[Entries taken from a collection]

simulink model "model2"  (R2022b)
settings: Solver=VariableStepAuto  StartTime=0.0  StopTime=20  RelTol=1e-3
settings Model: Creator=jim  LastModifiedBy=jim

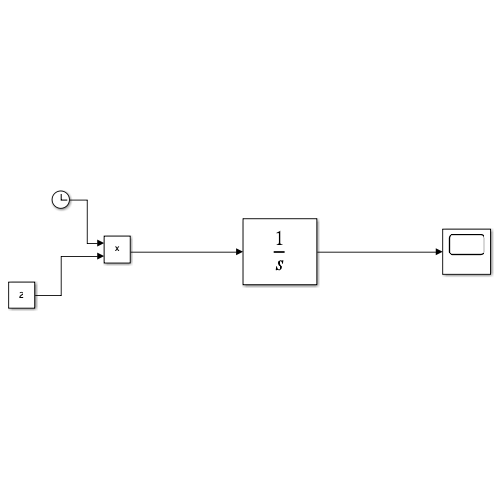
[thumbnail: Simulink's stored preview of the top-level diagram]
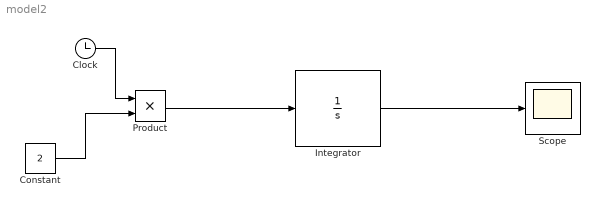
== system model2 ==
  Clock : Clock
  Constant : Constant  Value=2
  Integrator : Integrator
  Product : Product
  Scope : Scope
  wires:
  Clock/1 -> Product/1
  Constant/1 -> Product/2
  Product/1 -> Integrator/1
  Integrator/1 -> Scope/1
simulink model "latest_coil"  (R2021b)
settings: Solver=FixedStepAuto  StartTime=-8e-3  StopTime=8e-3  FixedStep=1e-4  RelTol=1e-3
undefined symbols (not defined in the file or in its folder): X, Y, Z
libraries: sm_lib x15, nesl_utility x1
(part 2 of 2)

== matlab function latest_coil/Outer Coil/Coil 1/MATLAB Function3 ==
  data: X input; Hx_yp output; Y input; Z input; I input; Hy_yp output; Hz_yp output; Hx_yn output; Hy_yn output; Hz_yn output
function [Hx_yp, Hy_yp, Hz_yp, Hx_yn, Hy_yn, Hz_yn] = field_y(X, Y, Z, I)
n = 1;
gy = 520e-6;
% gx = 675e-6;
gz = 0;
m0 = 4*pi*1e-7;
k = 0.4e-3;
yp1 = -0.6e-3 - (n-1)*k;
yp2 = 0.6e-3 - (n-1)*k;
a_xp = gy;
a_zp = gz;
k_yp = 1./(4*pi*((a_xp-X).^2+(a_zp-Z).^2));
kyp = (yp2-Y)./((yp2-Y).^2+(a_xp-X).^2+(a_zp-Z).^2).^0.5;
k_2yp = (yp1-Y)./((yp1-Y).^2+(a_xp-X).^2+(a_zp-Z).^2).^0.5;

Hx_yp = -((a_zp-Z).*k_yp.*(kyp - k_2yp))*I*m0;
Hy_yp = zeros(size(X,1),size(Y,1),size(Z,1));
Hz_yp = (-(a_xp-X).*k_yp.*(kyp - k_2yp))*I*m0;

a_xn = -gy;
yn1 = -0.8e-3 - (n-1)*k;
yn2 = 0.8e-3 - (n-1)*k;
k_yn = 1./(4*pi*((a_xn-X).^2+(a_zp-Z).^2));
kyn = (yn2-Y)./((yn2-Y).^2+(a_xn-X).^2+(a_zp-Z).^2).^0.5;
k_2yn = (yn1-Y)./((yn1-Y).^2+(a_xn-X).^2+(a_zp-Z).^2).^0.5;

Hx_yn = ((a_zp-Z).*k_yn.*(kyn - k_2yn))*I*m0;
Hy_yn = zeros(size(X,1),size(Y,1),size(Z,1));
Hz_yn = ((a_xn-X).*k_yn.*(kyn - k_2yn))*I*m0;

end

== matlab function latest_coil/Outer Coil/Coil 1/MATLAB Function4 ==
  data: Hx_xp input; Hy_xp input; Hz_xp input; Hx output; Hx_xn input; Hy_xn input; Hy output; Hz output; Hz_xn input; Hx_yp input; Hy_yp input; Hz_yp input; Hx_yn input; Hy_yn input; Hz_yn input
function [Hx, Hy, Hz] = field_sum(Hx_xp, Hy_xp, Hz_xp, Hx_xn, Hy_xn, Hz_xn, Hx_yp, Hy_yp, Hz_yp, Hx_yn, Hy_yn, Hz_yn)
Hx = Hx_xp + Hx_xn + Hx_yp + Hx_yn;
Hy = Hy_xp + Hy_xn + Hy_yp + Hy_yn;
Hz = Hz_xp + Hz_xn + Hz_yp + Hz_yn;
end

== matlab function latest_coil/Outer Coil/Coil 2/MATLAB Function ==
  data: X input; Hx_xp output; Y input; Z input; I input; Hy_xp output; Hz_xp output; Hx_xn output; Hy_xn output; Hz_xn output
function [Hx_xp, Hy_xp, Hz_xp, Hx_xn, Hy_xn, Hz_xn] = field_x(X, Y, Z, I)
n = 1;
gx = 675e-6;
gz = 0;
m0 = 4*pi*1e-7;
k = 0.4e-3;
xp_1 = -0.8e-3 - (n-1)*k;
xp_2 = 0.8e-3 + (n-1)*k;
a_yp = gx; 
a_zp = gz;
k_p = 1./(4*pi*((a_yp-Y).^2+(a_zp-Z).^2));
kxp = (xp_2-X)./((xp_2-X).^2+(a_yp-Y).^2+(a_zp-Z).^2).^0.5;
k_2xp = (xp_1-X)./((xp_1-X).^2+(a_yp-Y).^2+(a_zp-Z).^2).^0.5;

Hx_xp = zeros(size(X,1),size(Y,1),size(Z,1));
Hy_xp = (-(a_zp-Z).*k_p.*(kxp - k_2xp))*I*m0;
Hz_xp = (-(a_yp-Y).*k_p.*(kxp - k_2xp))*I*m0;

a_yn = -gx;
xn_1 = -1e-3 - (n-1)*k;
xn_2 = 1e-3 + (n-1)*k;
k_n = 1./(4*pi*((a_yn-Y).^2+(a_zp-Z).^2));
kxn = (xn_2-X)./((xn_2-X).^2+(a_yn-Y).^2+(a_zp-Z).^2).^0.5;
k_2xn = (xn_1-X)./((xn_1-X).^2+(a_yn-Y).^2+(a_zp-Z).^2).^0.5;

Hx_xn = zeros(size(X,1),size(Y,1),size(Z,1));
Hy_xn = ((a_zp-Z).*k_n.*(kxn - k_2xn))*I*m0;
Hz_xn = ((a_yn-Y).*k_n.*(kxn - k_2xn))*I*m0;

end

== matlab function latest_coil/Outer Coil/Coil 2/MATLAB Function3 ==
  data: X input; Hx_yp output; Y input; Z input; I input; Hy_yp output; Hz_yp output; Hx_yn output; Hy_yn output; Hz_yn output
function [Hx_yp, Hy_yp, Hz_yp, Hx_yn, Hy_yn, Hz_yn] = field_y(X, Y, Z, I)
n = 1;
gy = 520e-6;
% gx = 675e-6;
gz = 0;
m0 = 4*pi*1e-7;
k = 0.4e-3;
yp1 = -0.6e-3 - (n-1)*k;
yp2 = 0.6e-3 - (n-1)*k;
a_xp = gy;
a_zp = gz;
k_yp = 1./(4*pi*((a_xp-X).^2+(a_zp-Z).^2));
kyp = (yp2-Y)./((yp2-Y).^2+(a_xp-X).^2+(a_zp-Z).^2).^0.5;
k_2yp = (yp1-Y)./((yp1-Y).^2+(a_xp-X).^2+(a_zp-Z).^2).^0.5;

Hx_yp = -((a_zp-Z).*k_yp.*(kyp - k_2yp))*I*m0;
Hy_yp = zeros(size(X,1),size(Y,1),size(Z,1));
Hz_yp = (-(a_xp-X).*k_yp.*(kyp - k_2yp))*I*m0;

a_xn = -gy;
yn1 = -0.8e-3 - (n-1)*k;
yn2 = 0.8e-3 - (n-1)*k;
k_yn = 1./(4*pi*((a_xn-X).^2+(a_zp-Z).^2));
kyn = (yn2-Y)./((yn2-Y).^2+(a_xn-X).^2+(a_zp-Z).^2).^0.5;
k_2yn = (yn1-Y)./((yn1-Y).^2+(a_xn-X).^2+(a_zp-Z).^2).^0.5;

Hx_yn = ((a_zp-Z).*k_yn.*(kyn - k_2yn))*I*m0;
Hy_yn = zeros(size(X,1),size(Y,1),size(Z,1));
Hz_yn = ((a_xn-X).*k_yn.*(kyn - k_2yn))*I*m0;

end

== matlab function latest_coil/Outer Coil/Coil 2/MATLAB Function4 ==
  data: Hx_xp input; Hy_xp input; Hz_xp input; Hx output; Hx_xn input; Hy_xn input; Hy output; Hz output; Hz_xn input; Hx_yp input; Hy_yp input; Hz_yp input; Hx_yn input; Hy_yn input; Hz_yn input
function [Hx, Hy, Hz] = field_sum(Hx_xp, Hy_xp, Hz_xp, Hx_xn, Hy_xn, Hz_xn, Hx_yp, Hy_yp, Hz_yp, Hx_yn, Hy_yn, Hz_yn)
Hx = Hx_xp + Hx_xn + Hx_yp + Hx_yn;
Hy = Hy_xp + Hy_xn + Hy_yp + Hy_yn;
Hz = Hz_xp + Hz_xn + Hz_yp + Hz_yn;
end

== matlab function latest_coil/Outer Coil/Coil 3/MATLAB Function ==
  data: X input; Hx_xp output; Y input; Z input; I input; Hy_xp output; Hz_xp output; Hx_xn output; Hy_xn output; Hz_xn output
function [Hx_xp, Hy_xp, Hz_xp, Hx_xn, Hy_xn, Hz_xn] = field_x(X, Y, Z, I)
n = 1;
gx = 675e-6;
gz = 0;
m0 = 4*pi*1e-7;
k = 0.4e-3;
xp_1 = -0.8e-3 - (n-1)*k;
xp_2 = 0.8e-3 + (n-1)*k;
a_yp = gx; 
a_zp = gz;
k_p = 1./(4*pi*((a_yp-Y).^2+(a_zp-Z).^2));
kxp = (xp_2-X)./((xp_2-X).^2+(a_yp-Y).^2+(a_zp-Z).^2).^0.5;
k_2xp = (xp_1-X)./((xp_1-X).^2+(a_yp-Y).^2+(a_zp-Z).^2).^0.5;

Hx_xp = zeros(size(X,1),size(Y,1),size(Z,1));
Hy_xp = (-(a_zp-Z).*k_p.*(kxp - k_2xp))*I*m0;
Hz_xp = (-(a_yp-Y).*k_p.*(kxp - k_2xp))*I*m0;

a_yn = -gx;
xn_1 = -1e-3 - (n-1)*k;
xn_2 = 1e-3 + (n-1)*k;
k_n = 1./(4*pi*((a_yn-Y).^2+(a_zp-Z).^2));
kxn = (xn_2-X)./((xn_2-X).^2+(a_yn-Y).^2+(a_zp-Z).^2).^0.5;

Requirement
Restate exactly, please, only the lines between the start of the data and the line containing "Scope : Scope", both ends included, skipping the pictures.

Expected output
simulink model "model2"  (R2022b)
settings: Solver=VariableStepAuto  StartTime=0.0  StopTime=20  RelTol=1e-3
settings Model: Creator=jim  LastModifiedBy=jim

[thumbnail: Simulink's stored preview of the top-level diagram]
== system model2 ==
  Clock : Clock
  Constant : Constant  Value=2
  Integrator : Integrator
  Product : Product
  Scope : Scope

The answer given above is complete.